According to a report by The Citizen, the North West province produces about 15% of South Africa’s maize.

Sihlobo notes that the output from some farmers in Lichtenburg in the North West had declined to about 2.2 tons per hectare.

“If this would be the case across the province, then the overall maize expectations of 10.9 million tons would have to be lowered somewhat,” said Sihlobo.

He said this decrease would largely affect white maize, which is predominantly produced in the North West province.

Sihlobo said about 4.1 million tons of maize had already been delivered to commercial silos in the week of June 28 – harvesting of the 2019 cereal crops is expected to be finalized by the end-July.

Rainfall deficits, particularly at the start of the season and in Western provinces, were also viewed to significantly affect yields.

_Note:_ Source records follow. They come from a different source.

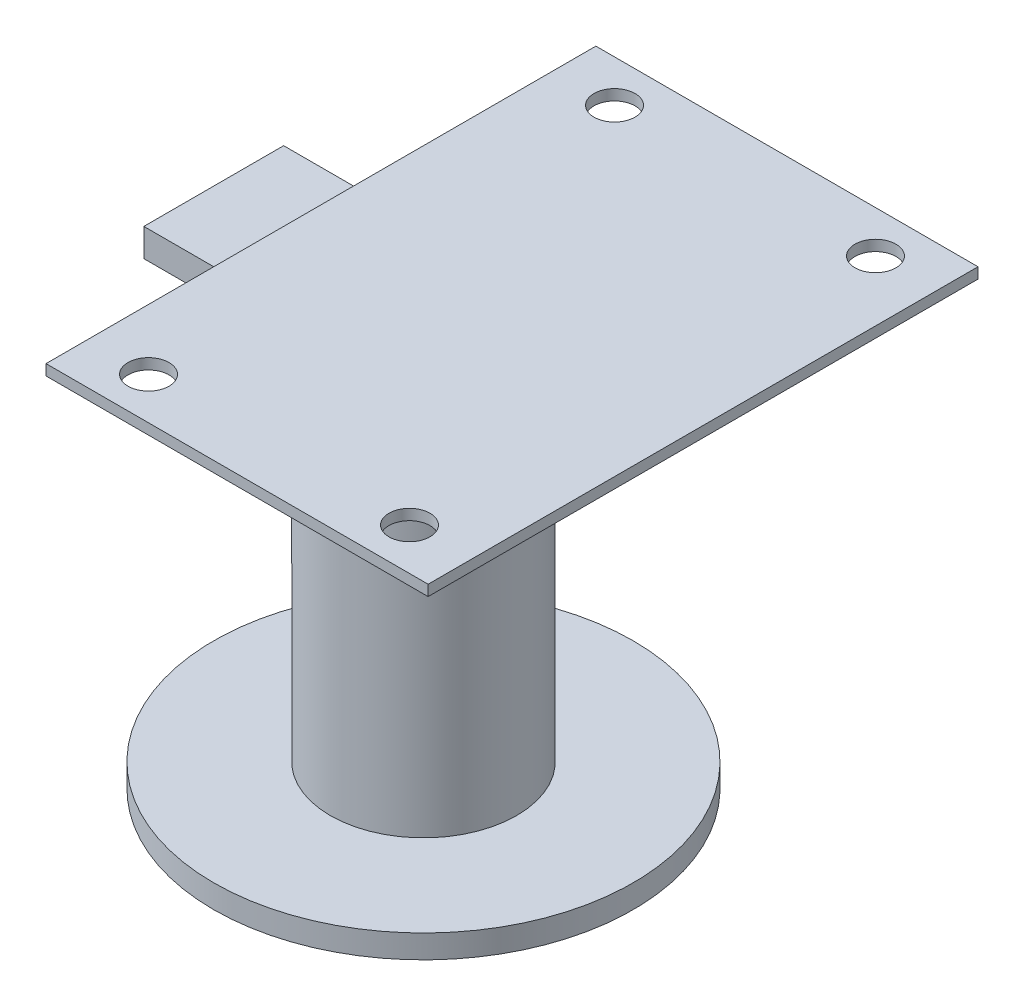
ISO-10303-21;
HEADER;
FILE_DESCRIPTION(('STEP AP214'),'2;1');
FILE_NAME('part.step','',(''),(''),'','','');
FILE_SCHEMA(('AUTOMOTIVE_DESIGN { 1 0 10303 214 1 1 1 1 }'));
ENDSEC;
DATA;
#1=APPLICATION_CONTEXT('core data for automotive mechanical design processes');
#2=APPLICATION_PROTOCOL_DEFINITION('international standard','automotive_design',2000,#1);
#3=PRODUCT_CONTEXT('',#1,'mechanical');
#4=PRODUCT('Part','Part','',(#3));
#5=PRODUCT_RELATED_PRODUCT_CATEGORY('part','',(#4));
#6=PRODUCT_DEFINITION_FORMATION('','',#4);
#7=PRODUCT_DEFINITION_CONTEXT('part definition',#1,'design');
#8=PRODUCT_DEFINITION('design','',#6,#7);
#9=PRODUCT_DEFINITION_SHAPE('','',#8);
#10=(LENGTH_UNIT() NAMED_UNIT(*) SI_UNIT(.MILLI.,.METRE.));
#11=(NAMED_UNIT(*) PLANE_ANGLE_UNIT() SI_UNIT($,.RADIAN.));
#12=(NAMED_UNIT(*) SI_UNIT($,.STERADIAN.) SOLID_ANGLE_UNIT());
#13=UNCERTAINTY_MEASURE_WITH_UNIT(LENGTH_MEASURE(1.E-05),#10,'distance_accuracy_value','');
#14=(GEOMETRIC_REPRESENTATION_CONTEXT(3) GLOBAL_UNCERTAINTY_ASSIGNED_CONTEXT((#13)) GLOBAL_UNIT_ASSIGNED_CONTEXT((#10,
#11,#12)) REPRESENTATION_CONTEXT('',''));
#15=CARTESIAN_POINT('',(0.,0.,0.));
#16=DIRECTION('',(0.,0.,1.));
#17=DIRECTION('',(1.,0.,0.));
#18=AXIS2_PLACEMENT_3D('',#15,#16,#17);
#19=CARTESIAN_POINT('',(41.,-2.3,59.));
#20=DIRECTION('',(1.,0.,0.));
#21=DIRECTION('',(0.,0.,-1.));
#22=AXIS2_PLACEMENT_3D('',#19,#20,#21);
#23=PLANE('',#22);
#24=DIRECTION('',(0.,0.,-1.));
#25=VECTOR('',#24,1.);
#26=CARTESIAN_POINT('',(41.,0.,59.));
#27=LINE('',#26,#25);
#28=CARTESIAN_POINT('',(41.,0.,59.));
#29=VERTEX_POINT('',#28);
#30=CARTESIAN_POINT('',(41.,0.,-59.));
#31=VERTEX_POINT('',#30);
#32=EDGE_CURVE('E186',#29,#31,#27,.T.);
#33=ORIENTED_EDGE('',*,*,#32,.F.);
#34=DIRECTION('',(0.,1.,0.));
#35=VECTOR('',#34,1.);
#36=CARTESIAN_POINT('',(41.,-2.3,59.));
#37=LINE('',#36,#35);
#38=CARTESIAN_POINT('',(41.,-2.3,59.));
#39=VERTEX_POINT('',#38);
#40=EDGE_CURVE('E174',#39,#29,#37,.T.);
#41=ORIENTED_EDGE('',*,*,#40,.F.);
#42=DIRECTION('',(0.,0.,-1.));
#43=VECTOR('',#42,1.);
#44=CARTESIAN_POINT('',(41.,-2.3,59.));
#45=LINE('',#44,#43);
#46=CARTESIAN_POINT('',(41.,-2.3,-59.));
#47=VERTEX_POINT('',#46);
#48=EDGE_CURVE('E169',#39,#47,#45,.T.);
#49=ORIENTED_EDGE('',*,*,#48,.T.);
#50=DIRECTION('',(0.,1.,0.));
#51=VECTOR('',#50,1.);
#52=CARTESIAN_POINT('',(41.,-2.3,-59.));
#53=LINE('',#52,#51);
#54=EDGE_CURVE('E151',#47,#31,#53,.T.);
#55=ORIENTED_EDGE('',*,*,#54,.T.);
#56=EDGE_LOOP('',(#33,#41,#49,#55));
#57=FACE_BOUND('',#56,.T.);
#58=ADVANCED_FACE('F40',(#57),#23,.T.);
#59=CARTESIAN_POINT('',(-41.,-2.3,59.));
#60=DIRECTION('',(0.,0.,1.));
#61=DIRECTION('',(1.,0.,0.));
#62=AXIS2_PLACEMENT_3D('',#59,#60,#61);
#63=PLANE('',#62);
#64=DIRECTION('',(1.,0.,0.));
#65=VECTOR('',#64,1.);
#66=CARTESIAN_POINT('',(-41.,0.,59.));
#67=LINE('',#66,#65);
#68=CARTESIAN_POINT('',(-41.,0.,59.));
#69=VERTEX_POINT('',#68);
#70=EDGE_CURVE('E175',#69,#29,#67,.T.);
#71=ORIENTED_EDGE('',*,*,#70,.F.);
#72=DIRECTION('',(0.,1.,0.));
#73=VECTOR('',#72,1.);
#74=CARTESIAN_POINT('',(-41.,-2.3,59.));
#75=LINE('',#74,#73);
#76=CARTESIAN_POINT('',(-41.,-2.3,59.));
#77=VERTEX_POINT('',#76);
#78=EDGE_CURVE('E193',#77,#69,#75,.T.);
#79=ORIENTED_EDGE('',*,*,#78,.F.);
#80=DIRECTION('',(1.,0.,0.));
#81=VECTOR('',#80,1.);
#82=CARTESIAN_POINT('',(-41.,-2.3,59.));
#83=LINE('',#82,#81);
#84=EDGE_CURVE('E162',#77,#39,#83,.T.);
#85=ORIENTED_EDGE('',*,*,#84,.T.);
#86=ORIENTED_EDGE('',*,*,#40,.T.);
#87=EDGE_LOOP('',(#71,#79,#85,#86));
#88=FACE_BOUND('',#87,.T.);
#89=ADVANCED_FACE('F308',(#88),#63,.T.);
#90=CARTESIAN_POINT('',(-41.,-2.3,59.));
#91=DIRECTION('',(-1.,0.,0.));
#92=DIRECTION('',(0.,0.,1.));
#93=AXIS2_PLACEMENT_3D('',#90,#91,#92);
#94=PLANE('',#93);
#95=DIRECTION('',(0.,0.,1.));
#96=VECTOR('',#95,1.);
#97=CARTESIAN_POINT('',(-41.,0.,59.));
#98=LINE('',#97,#96);
#99=CARTESIAN_POINT('',(-41.,0.,-59.));
#100=VERTEX_POINT('',#99);
#101=EDGE_CURVE('E178',#100,#69,#98,.T.);
#102=ORIENTED_EDGE('',*,*,#101,.F.);
#103=DIRECTION('',(0.,1.,0.));
#104=VECTOR('',#103,1.);
#105=CARTESIAN_POINT('',(-41.,-2.3,-59.));
#106=LINE('',#105,#104);
#107=CARTESIAN_POINT('',(-41.,-2.3,-59.));
#108=VERTEX_POINT('',#107);
#109=EDGE_CURVE('E161',#108,#100,#106,.T.);
#110=ORIENTED_EDGE('',*,*,#109,.F.);
#111=DIRECTION('',(0.,0.,1.));
#112=VECTOR('',#111,1.);
#113=CARTESIAN_POINT('',(-41.,-2.3,59.));
#114=LINE('',#113,#112);
#115=EDGE_CURVE('E172',#108,#77,#114,.T.);
#116=ORIENTED_EDGE('',*,*,#115,.T.);
#117=ORIENTED_EDGE('',*,*,#78,.T.);
#118=EDGE_LOOP('',(#102,#110,#116,#117));
#119=FACE_BOUND('',#118,.T.);
#120=ADVANCED_FACE('F313',(#119),#94,.T.);
#121=CARTESIAN_POINT('',(-41.,-2.3,-59.));
#122=DIRECTION('',(0.,0.,-1.));
#123=DIRECTION('',(-1.,0.,0.));
#124=AXIS2_PLACEMENT_3D('',#121,#122,#123);
#125=PLANE('',#124);
#126=DIRECTION('',(-1.,0.,0.));
#127=VECTOR('',#126,1.);
#128=CARTESIAN_POINT('',(-41.,0.,-59.));
#129=LINE('',#128,#127);
#130=EDGE_CURVE('E156',#31,#100,#129,.T.);
#131=ORIENTED_EDGE('',*,*,#130,.F.);
#132=ORIENTED_EDGE('',*,*,#54,.F.);
#133=DIRECTION('',(-1.,0.,0.));
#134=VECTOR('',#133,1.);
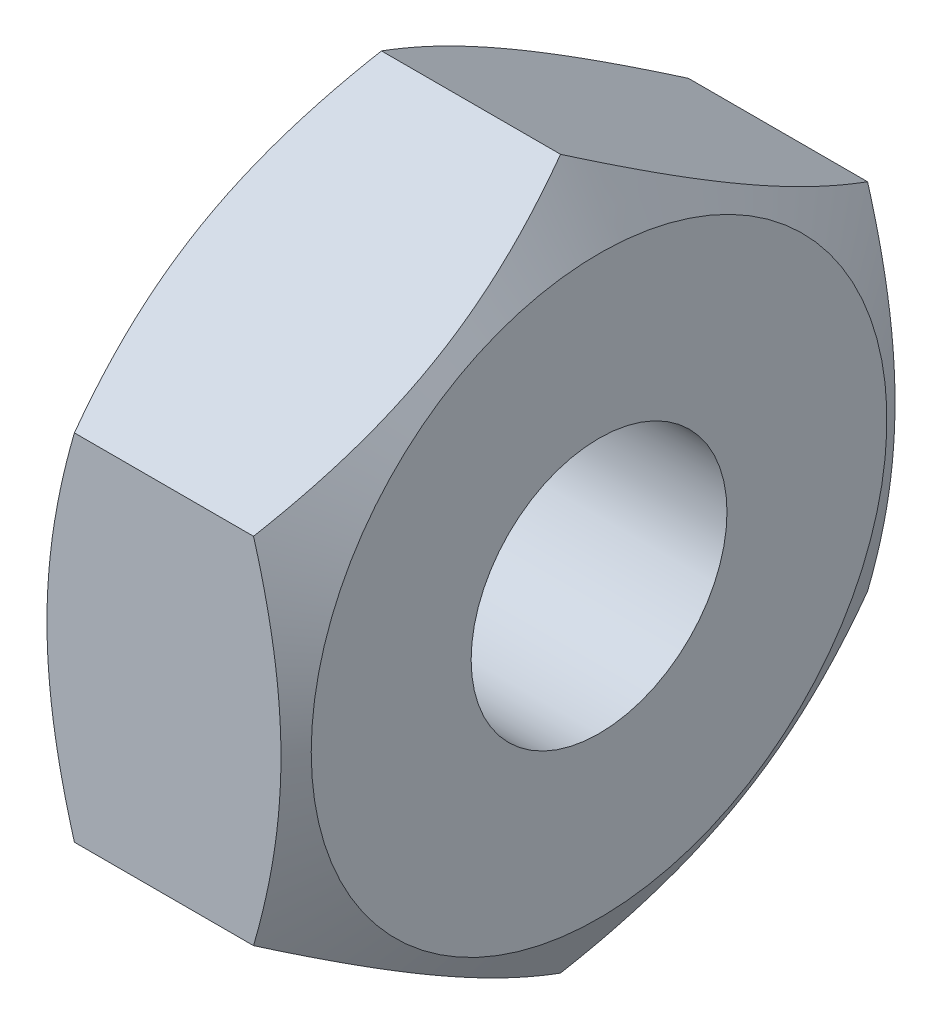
ISO-10303-21;
HEADER;
FILE_DESCRIPTION(('STEP AP214'),'2;1');
FILE_NAME('part.step','',(''),(''),'','','');
FILE_SCHEMA(('AUTOMOTIVE_DESIGN { 1 0 10303 214 1 1 1 1 }'));
ENDSEC;
DATA;
#1=APPLICATION_CONTEXT('core data for automotive mechanical design processes');
#2=APPLICATION_PROTOCOL_DEFINITION('international standard','automotive_design',2000,#1);
#3=PRODUCT_CONTEXT('',#1,'mechanical');
#4=PRODUCT('Part','Part','',(#3));
#5=PRODUCT_RELATED_PRODUCT_CATEGORY('part','',(#4));
#6=PRODUCT_DEFINITION_FORMATION('','',#4);
#7=PRODUCT_DEFINITION_CONTEXT('part definition',#1,'design');
#8=PRODUCT_DEFINITION('design','',#6,#7);
#9=PRODUCT_DEFINITION_SHAPE('','',#8);
#10=(LENGTH_UNIT() NAMED_UNIT(*) SI_UNIT(.MILLI.,.METRE.));
#11=(NAMED_UNIT(*) PLANE_ANGLE_UNIT() SI_UNIT($,.RADIAN.));
#12=(NAMED_UNIT(*) SI_UNIT($,.STERADIAN.) SOLID_ANGLE_UNIT());
#13=UNCERTAINTY_MEASURE_WITH_UNIT(LENGTH_MEASURE(1.E-05),#10,'distance_accuracy_value','');
#14=(GEOMETRIC_REPRESENTATION_CONTEXT(3) GLOBAL_UNCERTAINTY_ASSIGNED_CONTEXT((#13)) GLOBAL_UNIT_ASSIGNED_CONTEXT((#10,
#11,#12)) REPRESENTATION_CONTEXT('',''));
#15=CARTESIAN_POINT('',(0.,0.,0.));
#16=DIRECTION('',(0.,0.,1.));
#17=DIRECTION('',(1.,0.,0.));
#18=AXIS2_PLACEMENT_3D('',#15,#16,#17);
#19=CARTESIAN_POINT('',(10.010176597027,0.,0.));
#20=DIRECTION('',(-1.,0.,0.));
#21=DIRECTION('',(0.,0.,1.));
#22=AXIS2_PLACEMENT_3D('',#19,#20,#21);
#23=PLANE('',#22);
#24=CARTESIAN_POINT('',(10.010176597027,0.,0.));
#25=DIRECTION('',(-1.,0.,0.));
#26=DIRECTION('',(0.,0.,1.));
#27=AXIS2_PLACEMENT_3D('',#24,#25,#26);
#28=CIRCLE('',#27,11.25);
#29=CARTESIAN_POINT('',(10.010176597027,0.,11.25));
#30=VERTEX_POINT('',#29);
#31=EDGE_CURVE('E198',#30,#30,#28,.T.);
#32=ORIENTED_EDGE('',*,*,#31,.F.);
#33=EDGE_LOOP('',(#32));
#34=FACE_BOUND('',#33,.T.);
#35=CARTESIAN_POINT('',(10.010176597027,0.,0.));
#36=DIRECTION('',(-1.,0.,0.));
#37=DIRECTION('',(0.,0.,1.));
#38=AXIS2_PLACEMENT_3D('',#35,#36,#37);
#39=CIRCLE('',#38,5.);
#40=CARTESIAN_POINT('',(10.010176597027,0.,5.));
#41=VERTEX_POINT('',#40);
#42=EDGE_CURVE('E206',#41,#41,#39,.F.);
#43=ORIENTED_EDGE('',*,*,#42,.F.);
#44=EDGE_LOOP('',(#43));
#45=FACE_BOUND('',#44,.T.);
#46=ADVANCED_FACE('F33',(#34,#45),#23,.F.);
#47=CARTESIAN_POINT('',(0.,0.,-11.25));
#48=DIRECTION('',(1.,0.,0.));
#49=DIRECTION('',(0.,0.,-1.));
#50=AXIS2_PLACEMENT_3D('',#47,#48,#49);
#51=PLANE('',#50);
#52=CARTESIAN_POINT('',(0.,0.,0.));
#53=DIRECTION('',(-1.,0.,0.));
#54=DIRECTION('',(0.,0.,1.));
#55=AXIS2_PLACEMENT_3D('',#52,#53,#54);
#56=CIRCLE('',#55,11.25);
#57=CARTESIAN_POINT('',(0.,0.,11.25));
#58=VERTEX_POINT('',#57);
#59=EDGE_CURVE('E196',#58,#58,#56,.T.);
#60=ORIENTED_EDGE('',*,*,#59,.T.);
#61=EDGE_LOOP('',(#60));
#62=FACE_BOUND('',#61,.T.);
#63=CARTESIAN_POINT('',(0.,0.,0.));
#64=DIRECTION('',(1.,0.,0.));
#65=DIRECTION('',(0.,0.,-1.));
#66=AXIS2_PLACEMENT_3D('',#63,#64,#65);
#67=CIRCLE('',#66,5.);
#68=CARTESIAN_POINT('',(0.,0.,-5.));
#69=VERTEX_POINT('',#68);
#70=EDGE_CURVE('E209',#69,#69,#67,.T.);
#71=ORIENTED_EDGE('',*,*,#70,.T.);
#72=EDGE_LOOP('',(#71));
#73=FACE_BOUND('',#72,.T.);
#74=ADVANCED_FACE('F35',(#62,#73),#51,.F.);
#75=CARTESIAN_POINT('',(10.010176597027,0.,0.));
#76=DIRECTION('',(-1.,0.,0.));
#77=DIRECTION('',(0.,0.,1.));
#78=AXIS2_PLACEMENT_3D('',#75,#76,#77);
#79=CONICAL_SURFACE('',#78,11.25,1.04718484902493);
#80=CARTESIAN_POINT('',(3.86354659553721,-18.3148355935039,12.));
#81=CARTESIAN_POINT('',(3.99064930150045,-18.0516434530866,12.));
#82=CARTESIAN_POINT('',(4.11708937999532,-17.7881314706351,12.));
#83=CARTESIAN_POINT('',(4.36849204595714,-17.2604002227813,12.));
#84=CARTESIAN_POINT('',(4.49345461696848,-16.9961809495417,12.));
#85=CARTESIAN_POINT('',(4.86593436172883,-16.2022824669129,12.));
#86=CARTESIAN_POINT('',(5.11100161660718,-15.6714492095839,12.));
#87=CARTESIAN_POINT('',(5.59442396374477,-14.6030255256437,12.));
#88=CARTESIAN_POINT('',(5.83273204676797,-14.0654137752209,12.));
#89=CARTESIAN_POINT('',(6.29903003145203,-12.9857497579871,12.));
#90=CARTESIAN_POINT('',(6.52702047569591,-12.4436977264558,12.));
#91=CARTESIAN_POINT('',(6.97252328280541,-11.3478405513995,12.));
#92=CARTESIAN_POINT('',(7.18988087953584,-10.7939721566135,12.));
#93=CARTESIAN_POINT('',(7.60742376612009,-9.67967702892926,12.));
#94=CARTESIAN_POINT('',(7.80760713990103,-9.11924957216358,12.));
#95=CARTESIAN_POINT('',(8.18537631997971,-7.99213448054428,12.));
#96=CARTESIAN_POINT('',(8.36301069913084,-7.42546326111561,12.));
#97=CARTESIAN_POINT('',(8.68988266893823,-6.28401239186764,12.));
#98=CARTESIAN_POINT('',(8.83912929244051,-5.7092353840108,12.));
#99=CARTESIAN_POINT('',(9.03621869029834,-4.84087707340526,12.));
#100=CARTESIAN_POINT('',(9.0974639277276,-4.55031731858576,12.));
#101=CARTESIAN_POINT('',(9.2100526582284,-3.96727604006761,12.));
#102=CARTESIAN_POINT('',(9.26139637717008,-3.67479456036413,12.));
#103=CARTESIAN_POINT('',(9.35326927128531,-3.08810511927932,12.));
#104=CARTESIAN_POINT('',(9.39379756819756,-2.79389701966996,12.));
#105=CARTESIAN_POINT('',(9.46322106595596,-2.20411251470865,12.));
#106=CARTESIAN_POINT('',(9.49211668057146,-1.90853615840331,12.));
#107=CARTESIAN_POINT('',(9.53750265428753,-1.31827162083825,12.));
#108=CARTESIAN_POINT('',(9.55406889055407,-1.02358931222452,12.));
#109=CARTESIAN_POINT('',(9.57470908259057,-0.433789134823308,12.));
#110=CARTESIAN_POINT('',(9.57878322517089,-0.138671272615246,12.));
#111=CARTESIAN_POINT('',(9.57434291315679,0.451389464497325,12.));
#112=CARTESIAN_POINT('',(9.56583193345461,0.746332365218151,12.));
#113=CARTESIAN_POINT('',(9.53643118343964,1.3356043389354,12.));
#114=CARTESIAN_POINT('',(9.51554075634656,1.6299333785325,12.));
#115=CARTESIAN_POINT('',(9.45018356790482,2.34499314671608,12.));
#116=CARTESIAN_POINT('',(9.39942018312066,2.76515940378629,12.));
#117=CARTESIAN_POINT('',(9.27550632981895,3.60215995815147,12.));
#118=CARTESIAN_POINT('',(9.20235248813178,4.01899374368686,12.));
#119=CARTESIAN_POINT('',(8.95297909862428,5.26524340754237,12.));
#120=CARTESIAN_POINT('',(8.74701586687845,6.08877428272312,12.));
#121=CARTESIAN_POINT('',(8.39237847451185,7.32052156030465,12.));
#122=CARTESIAN_POINT('',(8.2648354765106,7.7351861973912,12.));
#123=CARTESIAN_POINT('',(7.99715987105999,8.56050911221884,12.));
#124=CARTESIAN_POINT('',(7.85702613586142,8.97116702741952,12.));
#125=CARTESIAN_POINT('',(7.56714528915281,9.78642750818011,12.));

Disaggregated by crop, production of white maize, which is predominantly produced in Western provinces and almost entirely utilized as food, declined by approximately 1 million tonnes, year on year, compared to a decrease of about 0.5 million tonnes for yellow maize, which is used as feed.

With the addition of carryover stocks, estimated at an above-average 3 million tonnes, supply conditions are generally satisfactory and the country is expected to remain a net exporter of maize in 2019/20.

Maize exports are forecast at 1.5 million tonnes, a below-average level and down from the 2 million tonnes exported in the previous marketing year while the country is also forecast to import approximately 0.5 million tonnes of yellow maize, in consideration of lower stocks.